=== Section Start ===

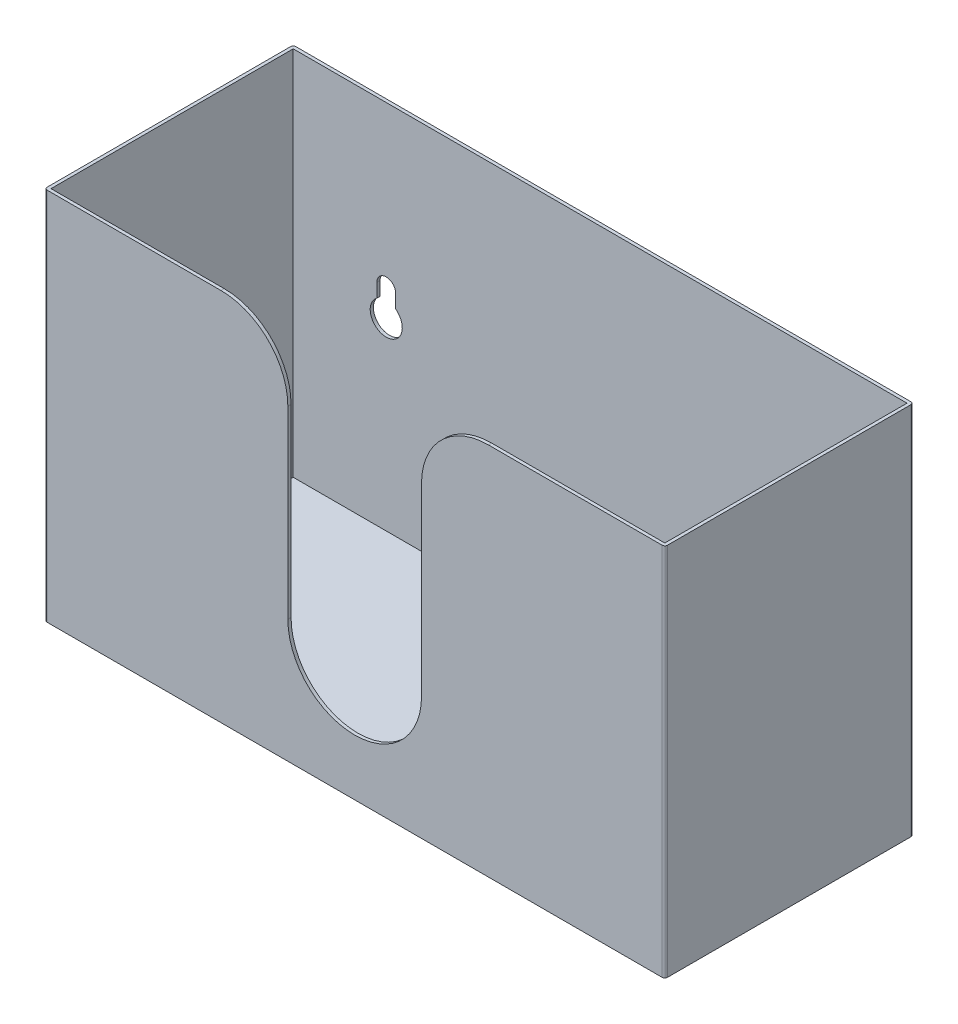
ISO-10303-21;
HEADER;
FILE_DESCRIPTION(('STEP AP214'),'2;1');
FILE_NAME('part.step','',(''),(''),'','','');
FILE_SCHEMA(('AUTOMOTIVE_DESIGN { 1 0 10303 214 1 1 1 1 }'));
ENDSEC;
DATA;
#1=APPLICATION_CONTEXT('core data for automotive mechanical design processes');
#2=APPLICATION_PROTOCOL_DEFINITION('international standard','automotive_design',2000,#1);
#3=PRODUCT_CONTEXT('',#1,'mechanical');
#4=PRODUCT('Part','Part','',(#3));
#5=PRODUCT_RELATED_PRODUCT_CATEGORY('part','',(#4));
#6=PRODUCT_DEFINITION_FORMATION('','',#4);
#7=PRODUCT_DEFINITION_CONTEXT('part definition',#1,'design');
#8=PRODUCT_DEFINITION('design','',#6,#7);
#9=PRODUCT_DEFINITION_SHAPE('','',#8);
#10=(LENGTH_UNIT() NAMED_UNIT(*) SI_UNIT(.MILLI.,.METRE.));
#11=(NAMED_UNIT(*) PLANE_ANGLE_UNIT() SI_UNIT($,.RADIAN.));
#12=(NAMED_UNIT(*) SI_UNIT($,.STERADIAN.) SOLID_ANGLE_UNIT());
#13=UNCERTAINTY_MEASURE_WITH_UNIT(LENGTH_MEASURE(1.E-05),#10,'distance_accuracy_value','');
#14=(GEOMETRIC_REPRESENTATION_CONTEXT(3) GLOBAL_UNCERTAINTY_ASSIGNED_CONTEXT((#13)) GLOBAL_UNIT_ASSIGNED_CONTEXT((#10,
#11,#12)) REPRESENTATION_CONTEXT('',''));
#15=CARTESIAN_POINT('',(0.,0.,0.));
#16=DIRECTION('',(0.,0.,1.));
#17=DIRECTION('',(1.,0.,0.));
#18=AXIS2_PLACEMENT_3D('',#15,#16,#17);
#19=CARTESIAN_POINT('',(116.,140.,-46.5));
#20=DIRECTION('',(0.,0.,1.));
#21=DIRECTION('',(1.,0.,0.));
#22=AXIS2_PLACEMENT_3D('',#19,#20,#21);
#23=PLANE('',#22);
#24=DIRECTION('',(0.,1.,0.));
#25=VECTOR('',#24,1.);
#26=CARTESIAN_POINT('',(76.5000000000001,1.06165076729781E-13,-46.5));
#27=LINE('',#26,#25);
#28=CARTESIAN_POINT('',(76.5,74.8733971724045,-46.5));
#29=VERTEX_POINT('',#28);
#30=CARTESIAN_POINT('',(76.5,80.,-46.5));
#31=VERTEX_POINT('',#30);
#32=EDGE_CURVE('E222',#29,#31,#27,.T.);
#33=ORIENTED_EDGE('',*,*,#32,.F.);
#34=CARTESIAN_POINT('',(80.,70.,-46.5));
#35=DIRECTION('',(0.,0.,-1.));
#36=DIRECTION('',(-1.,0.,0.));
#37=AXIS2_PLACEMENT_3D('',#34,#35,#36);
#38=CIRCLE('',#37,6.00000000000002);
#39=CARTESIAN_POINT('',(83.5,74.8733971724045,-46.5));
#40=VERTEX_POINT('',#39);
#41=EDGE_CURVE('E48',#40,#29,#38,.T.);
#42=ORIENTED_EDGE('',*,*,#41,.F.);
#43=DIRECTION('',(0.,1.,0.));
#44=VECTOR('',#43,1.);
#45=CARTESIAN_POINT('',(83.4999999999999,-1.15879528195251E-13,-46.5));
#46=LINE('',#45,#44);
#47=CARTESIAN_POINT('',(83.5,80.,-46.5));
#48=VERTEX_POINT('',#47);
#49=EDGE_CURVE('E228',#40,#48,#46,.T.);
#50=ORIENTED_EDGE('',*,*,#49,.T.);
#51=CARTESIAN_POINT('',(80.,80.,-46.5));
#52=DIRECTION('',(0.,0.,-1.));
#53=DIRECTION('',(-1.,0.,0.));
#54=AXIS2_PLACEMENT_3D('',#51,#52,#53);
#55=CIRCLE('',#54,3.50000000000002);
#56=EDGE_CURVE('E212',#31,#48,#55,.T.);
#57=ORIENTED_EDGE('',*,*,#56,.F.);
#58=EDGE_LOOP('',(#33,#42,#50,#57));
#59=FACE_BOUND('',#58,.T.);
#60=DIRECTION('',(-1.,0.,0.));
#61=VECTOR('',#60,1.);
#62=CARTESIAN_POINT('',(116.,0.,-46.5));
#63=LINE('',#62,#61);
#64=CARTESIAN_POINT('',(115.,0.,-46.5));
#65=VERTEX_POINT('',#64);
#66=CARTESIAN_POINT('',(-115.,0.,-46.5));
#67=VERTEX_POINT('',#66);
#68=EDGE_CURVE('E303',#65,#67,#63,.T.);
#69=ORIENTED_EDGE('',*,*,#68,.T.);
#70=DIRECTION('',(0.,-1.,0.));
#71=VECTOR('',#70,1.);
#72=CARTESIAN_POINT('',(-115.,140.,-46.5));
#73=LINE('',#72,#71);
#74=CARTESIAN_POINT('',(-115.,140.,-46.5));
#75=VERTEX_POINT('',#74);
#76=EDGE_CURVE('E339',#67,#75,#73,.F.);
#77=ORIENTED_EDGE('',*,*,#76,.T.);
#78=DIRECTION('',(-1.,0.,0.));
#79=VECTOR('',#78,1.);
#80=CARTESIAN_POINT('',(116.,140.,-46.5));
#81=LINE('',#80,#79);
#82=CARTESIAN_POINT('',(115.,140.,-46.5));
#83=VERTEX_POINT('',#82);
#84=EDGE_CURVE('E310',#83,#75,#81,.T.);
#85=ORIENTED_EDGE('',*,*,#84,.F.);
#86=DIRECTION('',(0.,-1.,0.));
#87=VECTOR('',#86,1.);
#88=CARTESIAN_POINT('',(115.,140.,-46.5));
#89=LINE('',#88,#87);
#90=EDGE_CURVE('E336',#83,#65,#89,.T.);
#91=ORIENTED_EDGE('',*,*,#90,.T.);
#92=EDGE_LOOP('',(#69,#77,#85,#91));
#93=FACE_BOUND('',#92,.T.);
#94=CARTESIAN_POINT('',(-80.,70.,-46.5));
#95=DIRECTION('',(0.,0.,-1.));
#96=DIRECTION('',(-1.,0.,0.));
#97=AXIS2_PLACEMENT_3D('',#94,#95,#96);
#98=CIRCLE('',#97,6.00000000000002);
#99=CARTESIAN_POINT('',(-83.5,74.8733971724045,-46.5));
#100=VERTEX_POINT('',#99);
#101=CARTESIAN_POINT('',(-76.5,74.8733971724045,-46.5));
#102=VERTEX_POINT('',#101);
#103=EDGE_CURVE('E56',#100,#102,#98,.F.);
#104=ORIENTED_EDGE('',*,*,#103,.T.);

=== Section End ===

# ASSIGNED TASK:
Going back over the entries above, copy word for word every line from the one that has "#30=CARTESIAN_POINT('',(76.5,80.,-46.5));" on through the one that has "#36=DIRECTION('',(-1.,0.,0.));".

# TASK ANSWER:
#30=CARTESIAN_POINT('',(76.5,80.,-46.5));
#31=VERTEX_POINT('',#30);
#32=EDGE_CURVE('E222',#29,#31,#27,.T.);
#33=ORIENTED_EDGE('',*,*,#32,.F.);
#34=CARTESIAN_POINT('',(80.,70.,-46.5));
#35=DIRECTION('',(0.,0.,-1.));
#36=DIRECTION('',(-1.,0.,0.));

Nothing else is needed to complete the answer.